## WORK INSTRUCTION
Wherever the string "Reference" shows up in the records below, return that line.

## RECORDS SHOWN
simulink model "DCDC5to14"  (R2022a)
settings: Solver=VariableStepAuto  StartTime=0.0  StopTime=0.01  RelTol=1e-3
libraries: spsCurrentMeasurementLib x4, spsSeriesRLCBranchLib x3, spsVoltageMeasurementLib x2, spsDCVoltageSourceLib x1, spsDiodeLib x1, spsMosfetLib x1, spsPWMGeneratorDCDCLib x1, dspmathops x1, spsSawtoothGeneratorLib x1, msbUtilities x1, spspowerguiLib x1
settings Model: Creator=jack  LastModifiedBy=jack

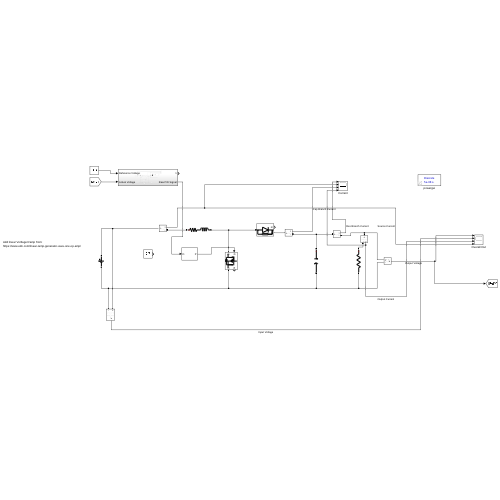
[thumbnail: Simulink's stored preview of the top-level diagram]
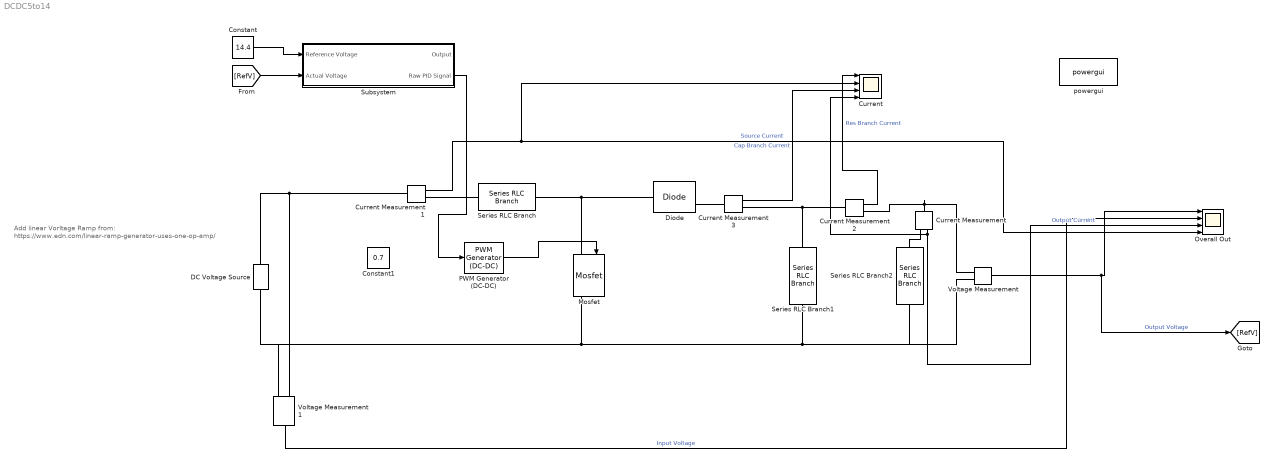
== system DCDC5to14 ==
  note: Add linear Vorltage Ramp from:
      | https://www.edn.com/linear-ramp-generator-uses-one-op-amp/
  Constant : Constant  Value=14.4
  Constant1 : Constant  Value=0.7
  Current : Scope  NumInputPorts=4
  Current Measurement{,1..3} (4 alike) : spsCurrentMeasurementLib/Current Measurement  PhasorSimulation=off  OutputType=Complex  PSBequivalent=0
  DC Voltage Source : spsDCVoltageSourceLib/DC Voltage Source  Amplitude=5  Measurements=None
  Diode : spsDiodeLib/Diode  Ron=0.001  Lon=0  Vf=0.42  IC=0  UseSnubber=0  Rs=500  Cs=250e-9  Measurements=on
  Mosfet : spsMosfetLib/Mosfet  Ron=0.1  Lon=0  Rd=0.01  Vfd=0.5  IC=0  Rs=1e5  Cs=inf  Measurements=on
  Overall Out : Scope  NumInputPorts=4
  PWM Generator (DC-DC) : spsPWMGeneratorDCDCLib/PWM Generator (DC-DC)  Fsw=100e3  Ts=0
  Series RLC Branch : spsSeriesRLCBranchLib/Series RLC Branch  LConnTagsString=__new0  RConnTagsString=__new0  BranchType=RL  Resistance=0  Inductance=28.33e-6  SetiL0=off  InitialCurrent=0  Capacitance=1e-9  Setx0=off  InitialVoltage=0  Measurements=None
  Series RLC Branch1 : spsSeriesRLCBranchLib/Series RLC Branch  LConnTagsString=__new0  RConnTagsString=__new0  BranchType=C  Resistance=1  Inductance=1e-3  SetiL0=off  InitialCurrent=0  Capacitance=10e-6  Setx0=off  InitialVoltage=0  Measurements=None
  Series RLC Branch2 : spsSeriesRLCBranchLib/Series RLC Branch  LConnTagsString=__new0  RConnTagsString=__new0  BranchType=R  Resistance=12  Inductance=1e-3  SetiL0=off  InitialCurrent=0  Capacitance=1e-6  Setx0=off  InitialVoltage=0  Measurements=None
  Subsystem : Subsystem
  Voltage Measurement : spsVoltageMeasurementLib/Voltage Measurement  PhasorSimulation=off  OutputType=Complex  PSBequivalent=0
  Voltage Measurement1 : spsVoltageMeasurementLib/Voltage Measurement  PhasorSimulation=off  OutputType=Complex  PSBequivalent=0
  powergui : spspowerguiLib/powergui  Priority=1  SimulationMode=Discrete  SampleTime=50e-9  frequency=60  Iterations=50  frequencyindice=0  Pbase=100e6  ErrMax=1e-4  UnitsV=kV  UnitsW=MW  buscounter=0  FunctionMessages=off  echomessages=off  EnableUseOfTLC=off  CurrentSourceSwitches=off  DisableSnubberDevices=off  DisableRonSwitches=off  DisableVfSwitches=off  DisplayEquations=off  AutomaticDiscreteSolvers=off  SolverType=Tustin/Backward Euler (TBE)  Interpol=off  ExternalGateDelay=off  methode=off  Ts=100  x0status=blocks  SPID=on  SwTol=0  HookPort=off  NonlinearTolerance=1e-4  nMaxIteration=100  ContinueOnMaxIteration=off  RestoreLinks=warning  ResistiveCurrentMeasurement=off  Frange=[0:2:500]  Ylog=off  Xlog=on  ShowGrid=off  save=off  variable=ZData  structure=0  ZoomFFT=off  StartTime=0.0  cycles=1  DisplayStyle=1  fundamental=60  FreqAxis=off  MaxFrequency=1000  frequencyindicesteady=1  RmsSteady=1  display=off
  wires:
  Voltage Measurement/1 -> [RefV], Overall Out/1  "Output Voltage"
  Voltage Measurement1/1 -> Overall Out/2  "Input Voltage"
  Current Measurement/1 -> Overall Out/3, Current/4  "Output Current"
  Current Measurement1/1 -> Current/2, Overall Out/4  "Source Current"
  Current Measurement2/1 -> Current/1  "Res Branch Current"
  Current Measurement3/1 -> Current/3  "Cap Branch Current"
  [RefV] -> Subsystem/2(Actual Voltage)
  Constant/1 -> Subsystem/1(Reference Voltage)
  Subsystem/2(Raw PID Signal) -> PWM Generator (DC-DC)/1
  PWM Generator (DC-DC)/1 -> Mosfet/1
  connections:
  Diode/LConn1 -- Mosfet/LConn1 -- Series RLC Branch/RConn1
  Current Measurement/LConn1 -- Voltage Measurement/LConn1 -- Current Measurement2/RConn1
  Series RLC Branch1/RConn1 -- Voltage Measurement/LConn2 -- Series RLC Branch2/RConn1 -- Voltage Measurement1/LConn2 -- DC Voltage Source/LConn1 -- Mosfet/RConn1
  Current Measurement/RConn1 -- Series RLC Branch2/LConn1
  Current Measurement1/RConn1 -- Series RLC Branch/LConn1
  DC Voltage Source/RConn1 -- Current Measurement1/LConn1 -- Voltage Measurement1/LConn1
  Current Measurement2/LConn1 -- Current Measurement3/RConn1 -- Series RLC Branch1/LConn1
  Diode/RConn1 -- Current Measurement3/LConn1

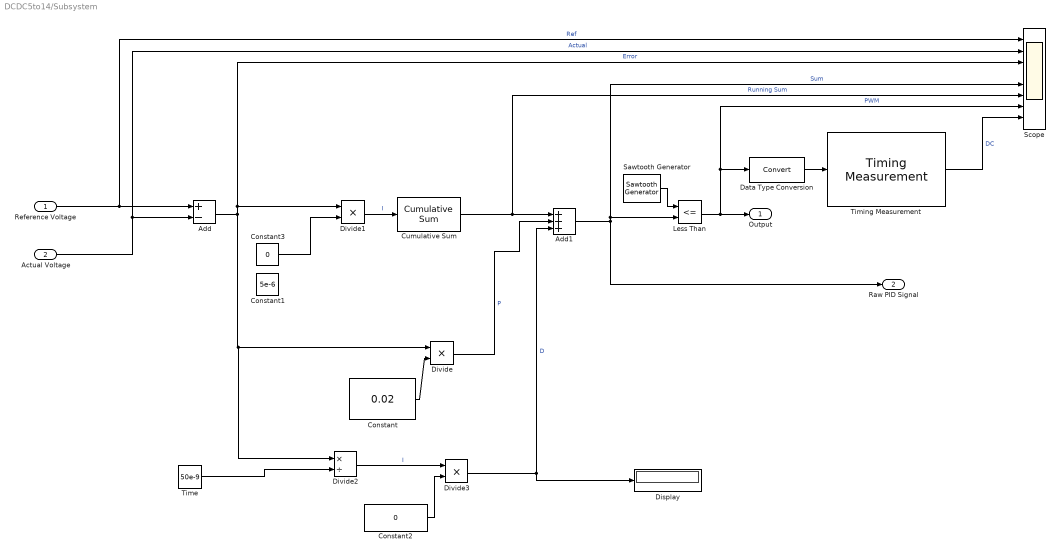
== system DCDC5to14/Subsystem ==
  Reference Voltage : Inport
  Actual Voltage : Inport  Port=2
  Add : Sum  Inputs=+-
  Add1 : Sum  Inputs=+++
  Constant : Constant  Value=0.02
  Constant1 : Constant  Value=5e-6  SampleTime=50e-6
  Constant2 : Constant  Value=0
  Constant3 : Constant  Value=0
  Cumulative Sum : dspmathops/Cumulative Sum  dim=Channels (running sum)  InputProcessing=Columns as channels (frame based)  reset_popup=None  roundingMode=Floor  overflowMode=off  outputDataTypeStr=Inherit: Same as accumulator  outputMin=[]  outputMax=[]  outputLastDataTypeStr=Inherit: Same as accumulator
  Data Type Conversion : DataTypeConversion  SaturateOnIntegerOverflow=off  RndMeth=Floor
  Display : Display
  Divide : Product  Inputs=**
  Divide1 : Product  Inputs=**
  Divide2 : Product  Inputs=*/
  Divide3 : Product  Inputs=**
  Less Than : RelationalOperator  Operator=<=  OutDataTypeStr=boolean  RndMeth=Simplest  InputSameDT=off
  Sawtooth Generator : spsSawtoothGeneratorLib/Sawtooth Generator  Freq=50e3  Phase=180  Ts=0
  Scope : Scope  NumInputPorts=8
  Time : Constant  Value=50e-9
  Timing Measurement : msbUtilities/Timing Measurement  Period=off  Frequency=off  RiseTime=off  FallTime=off  DutyCycle=on  Delay=off  SameRefThreshold=on  GlobalRefThreshold=0  Range=[-1 1]  MeasurementType=80% / 20%  ThresholdMax=0.6  ThresholdMin=-0.6  DcRefThreshold=0  DelayRefThreshold=0  DelayTstThreshold=0
      settings: SourceProductBaseCode=AM
  Output : Outport
  Raw PID Signal : Outport  Port=2
  wires:
  Reference Voltage/1 -> Scope/1, Add/1  "Ref"
  Actual Voltage/1 -> Scope/2, Add/2  "Actual"
  Add/1 -> Divide2/1, Divide/1, Divide1/1, Scope/3  "Error"
  Constant/1 -> Divide/2
  Sawtooth Generator/1 -> Less Than/1
  Add1/1 -> Raw PID Signal/1, Scope/5, Less Than/2  "Sum"
  Less Than/1 -> Data Type Conversion/1, Scope/7, Output/1  "PWM"
  Timing Measurement/1 -> Scope/8  "DC"
  Data Type Conversion/1 -> Timing Measurement/1
  Divide1/1 -> Cumulative Sum/1  "I"
  Cumulative Sum/1 -> Add1/1, Scope/6  "Running Sum"
  Divide/1 -> Add1/2  "P"
  Time/1 -> Divide2/2
  Divide3/1 -> Display/1, Add1/3  "D"
  Divide2/1 -> Divide3/1  "I"
  Constant2/1 -> Divide3/2
  Constant3/1 -> Divide1/2

## SOLUTION TO THE PROBLEM
  Constant/1 -> Subsystem/1(Reference Voltage)
  Reference Voltage : Inport
  Reference Voltage/1 -> Scope/1, Add/1  "Ref"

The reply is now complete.